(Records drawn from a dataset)
>>>

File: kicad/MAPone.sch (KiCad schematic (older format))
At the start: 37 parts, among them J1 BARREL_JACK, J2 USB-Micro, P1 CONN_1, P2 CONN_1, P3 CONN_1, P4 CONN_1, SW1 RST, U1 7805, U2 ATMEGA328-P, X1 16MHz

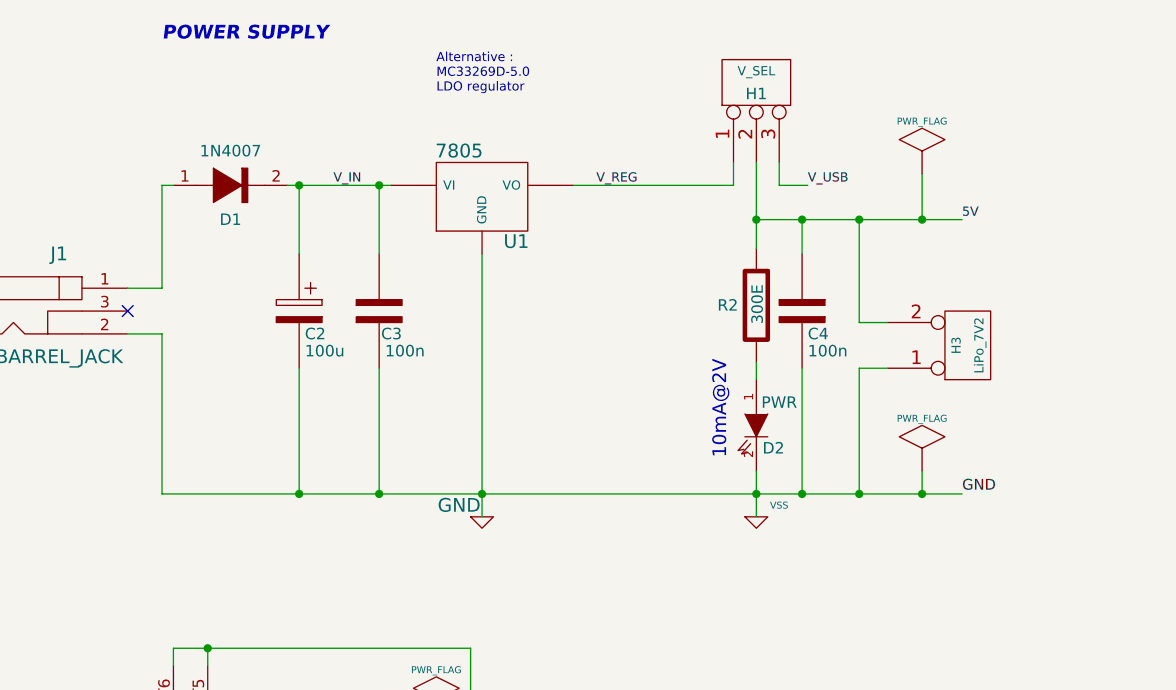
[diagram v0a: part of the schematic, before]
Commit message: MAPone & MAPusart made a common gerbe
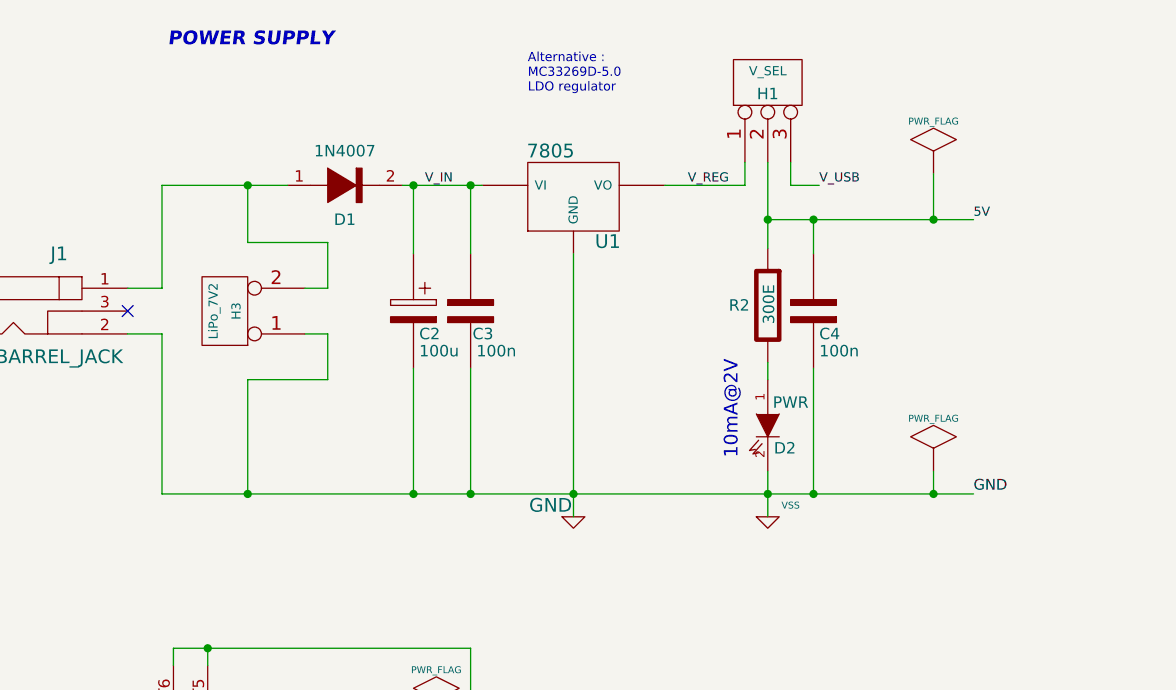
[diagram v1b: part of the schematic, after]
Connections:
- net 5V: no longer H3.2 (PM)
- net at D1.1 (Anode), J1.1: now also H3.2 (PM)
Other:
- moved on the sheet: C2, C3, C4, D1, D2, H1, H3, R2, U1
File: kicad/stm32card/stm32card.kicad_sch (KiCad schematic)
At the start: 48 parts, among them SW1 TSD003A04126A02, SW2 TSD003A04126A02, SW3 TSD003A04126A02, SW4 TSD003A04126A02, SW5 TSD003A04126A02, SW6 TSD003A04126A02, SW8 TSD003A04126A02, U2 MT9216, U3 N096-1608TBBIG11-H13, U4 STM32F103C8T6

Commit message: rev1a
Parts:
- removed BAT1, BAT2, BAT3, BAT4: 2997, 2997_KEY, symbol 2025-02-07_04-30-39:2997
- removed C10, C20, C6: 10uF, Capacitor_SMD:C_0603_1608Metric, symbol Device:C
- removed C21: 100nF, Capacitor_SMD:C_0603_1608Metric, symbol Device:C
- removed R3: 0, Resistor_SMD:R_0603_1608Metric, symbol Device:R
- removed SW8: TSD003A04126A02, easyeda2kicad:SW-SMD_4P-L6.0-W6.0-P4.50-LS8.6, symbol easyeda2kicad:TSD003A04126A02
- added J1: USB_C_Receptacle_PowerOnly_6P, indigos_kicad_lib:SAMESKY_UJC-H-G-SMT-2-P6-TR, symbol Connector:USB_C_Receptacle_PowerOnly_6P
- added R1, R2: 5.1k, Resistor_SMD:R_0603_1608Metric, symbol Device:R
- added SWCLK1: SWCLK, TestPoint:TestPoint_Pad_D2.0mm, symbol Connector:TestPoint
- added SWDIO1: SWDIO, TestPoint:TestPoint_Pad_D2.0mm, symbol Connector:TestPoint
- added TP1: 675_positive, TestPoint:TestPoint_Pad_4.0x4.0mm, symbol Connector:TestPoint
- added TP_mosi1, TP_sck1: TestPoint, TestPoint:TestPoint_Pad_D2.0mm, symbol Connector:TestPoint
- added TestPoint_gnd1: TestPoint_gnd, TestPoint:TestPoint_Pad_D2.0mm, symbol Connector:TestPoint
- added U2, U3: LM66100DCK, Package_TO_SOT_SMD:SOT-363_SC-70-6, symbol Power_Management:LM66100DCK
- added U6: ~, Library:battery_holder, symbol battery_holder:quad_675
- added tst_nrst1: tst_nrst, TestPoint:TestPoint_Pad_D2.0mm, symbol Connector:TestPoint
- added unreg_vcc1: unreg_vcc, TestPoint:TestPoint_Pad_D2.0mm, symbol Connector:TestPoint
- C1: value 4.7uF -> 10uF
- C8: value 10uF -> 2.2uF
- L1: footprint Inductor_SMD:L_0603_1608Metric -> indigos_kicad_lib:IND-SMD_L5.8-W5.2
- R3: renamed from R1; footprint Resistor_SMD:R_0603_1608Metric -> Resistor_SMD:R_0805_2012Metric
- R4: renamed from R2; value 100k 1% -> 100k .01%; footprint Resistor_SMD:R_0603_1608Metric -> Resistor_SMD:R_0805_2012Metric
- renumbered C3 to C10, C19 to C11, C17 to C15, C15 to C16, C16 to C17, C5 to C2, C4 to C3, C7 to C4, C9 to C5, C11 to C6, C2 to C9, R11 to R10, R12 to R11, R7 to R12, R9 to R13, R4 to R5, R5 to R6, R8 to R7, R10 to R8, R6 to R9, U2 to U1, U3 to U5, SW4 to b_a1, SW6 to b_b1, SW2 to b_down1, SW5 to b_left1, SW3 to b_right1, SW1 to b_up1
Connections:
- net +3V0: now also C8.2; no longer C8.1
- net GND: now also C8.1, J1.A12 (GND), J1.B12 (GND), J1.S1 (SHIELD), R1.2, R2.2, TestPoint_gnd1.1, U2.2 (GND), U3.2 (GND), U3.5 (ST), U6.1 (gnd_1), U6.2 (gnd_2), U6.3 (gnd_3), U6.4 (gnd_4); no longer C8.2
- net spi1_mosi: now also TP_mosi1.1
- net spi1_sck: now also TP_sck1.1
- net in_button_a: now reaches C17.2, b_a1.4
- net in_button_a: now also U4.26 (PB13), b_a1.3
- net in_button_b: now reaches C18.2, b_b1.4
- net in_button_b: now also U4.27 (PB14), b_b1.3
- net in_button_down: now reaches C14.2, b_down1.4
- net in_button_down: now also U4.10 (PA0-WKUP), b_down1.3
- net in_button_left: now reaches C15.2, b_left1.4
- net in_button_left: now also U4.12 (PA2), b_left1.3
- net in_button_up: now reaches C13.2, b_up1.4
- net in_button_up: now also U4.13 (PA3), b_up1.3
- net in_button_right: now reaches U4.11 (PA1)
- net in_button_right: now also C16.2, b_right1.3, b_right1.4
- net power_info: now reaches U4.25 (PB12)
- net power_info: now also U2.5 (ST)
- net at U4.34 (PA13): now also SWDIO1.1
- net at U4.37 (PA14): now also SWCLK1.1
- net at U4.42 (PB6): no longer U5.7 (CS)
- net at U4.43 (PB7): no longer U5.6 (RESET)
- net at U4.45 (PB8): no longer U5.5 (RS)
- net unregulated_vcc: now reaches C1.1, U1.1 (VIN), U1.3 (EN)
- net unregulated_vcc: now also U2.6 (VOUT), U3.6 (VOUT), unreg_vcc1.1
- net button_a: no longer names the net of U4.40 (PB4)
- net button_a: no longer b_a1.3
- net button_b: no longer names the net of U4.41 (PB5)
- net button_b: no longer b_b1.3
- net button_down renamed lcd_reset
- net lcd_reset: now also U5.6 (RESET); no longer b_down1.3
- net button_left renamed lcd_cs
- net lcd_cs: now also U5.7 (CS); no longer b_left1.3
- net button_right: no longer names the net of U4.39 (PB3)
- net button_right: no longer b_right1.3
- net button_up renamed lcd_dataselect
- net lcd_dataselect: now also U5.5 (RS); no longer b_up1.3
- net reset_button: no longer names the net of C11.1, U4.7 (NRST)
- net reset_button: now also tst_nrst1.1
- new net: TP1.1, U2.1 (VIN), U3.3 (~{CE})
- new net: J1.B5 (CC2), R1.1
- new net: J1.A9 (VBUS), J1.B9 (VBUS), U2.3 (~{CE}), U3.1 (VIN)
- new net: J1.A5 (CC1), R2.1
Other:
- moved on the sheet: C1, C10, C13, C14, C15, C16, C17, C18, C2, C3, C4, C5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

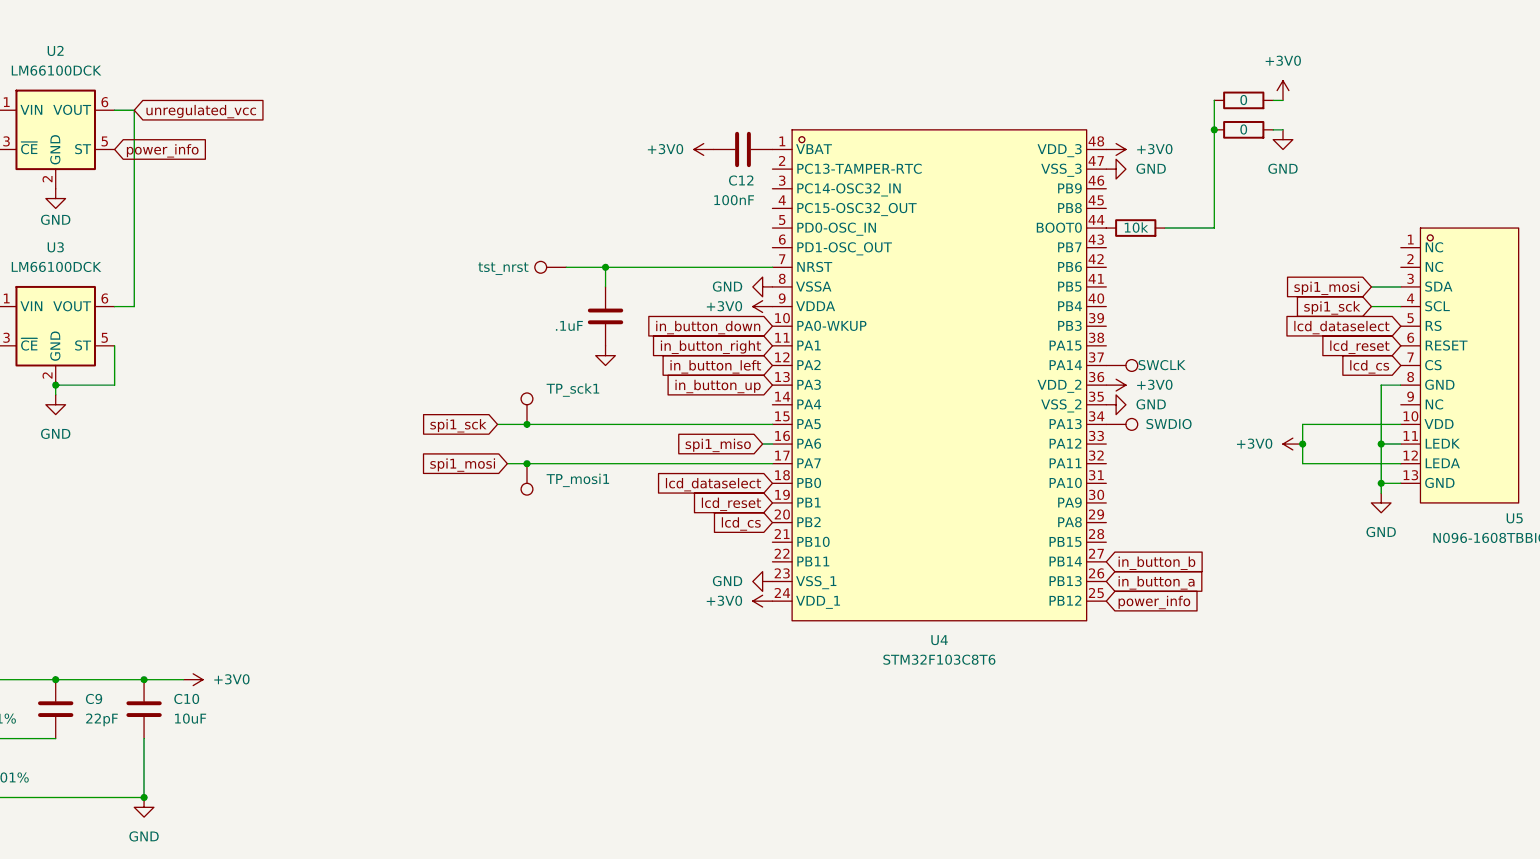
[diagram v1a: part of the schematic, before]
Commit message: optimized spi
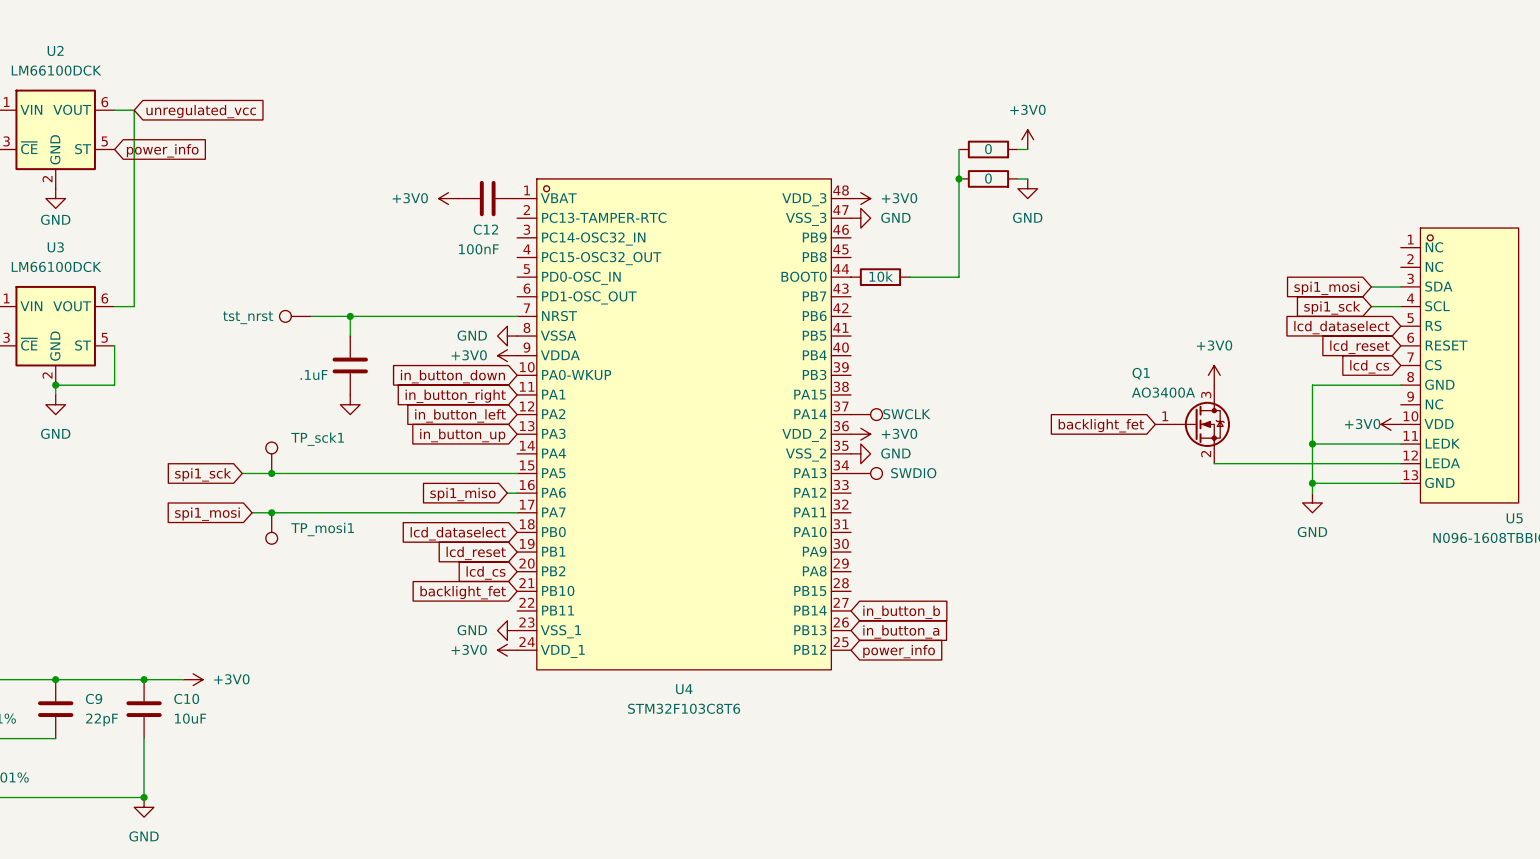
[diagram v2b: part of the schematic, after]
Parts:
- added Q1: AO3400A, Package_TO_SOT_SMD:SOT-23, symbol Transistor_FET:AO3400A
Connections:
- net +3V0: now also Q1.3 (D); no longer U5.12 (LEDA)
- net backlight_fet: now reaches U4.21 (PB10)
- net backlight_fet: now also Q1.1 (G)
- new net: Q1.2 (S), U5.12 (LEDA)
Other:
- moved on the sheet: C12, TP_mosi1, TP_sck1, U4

<<<

● DIRECTIONS FOR THIS TASK: How many lines of these entries hold the string "File"? Answer with the number alone.

● OUTPUT BELOW: 2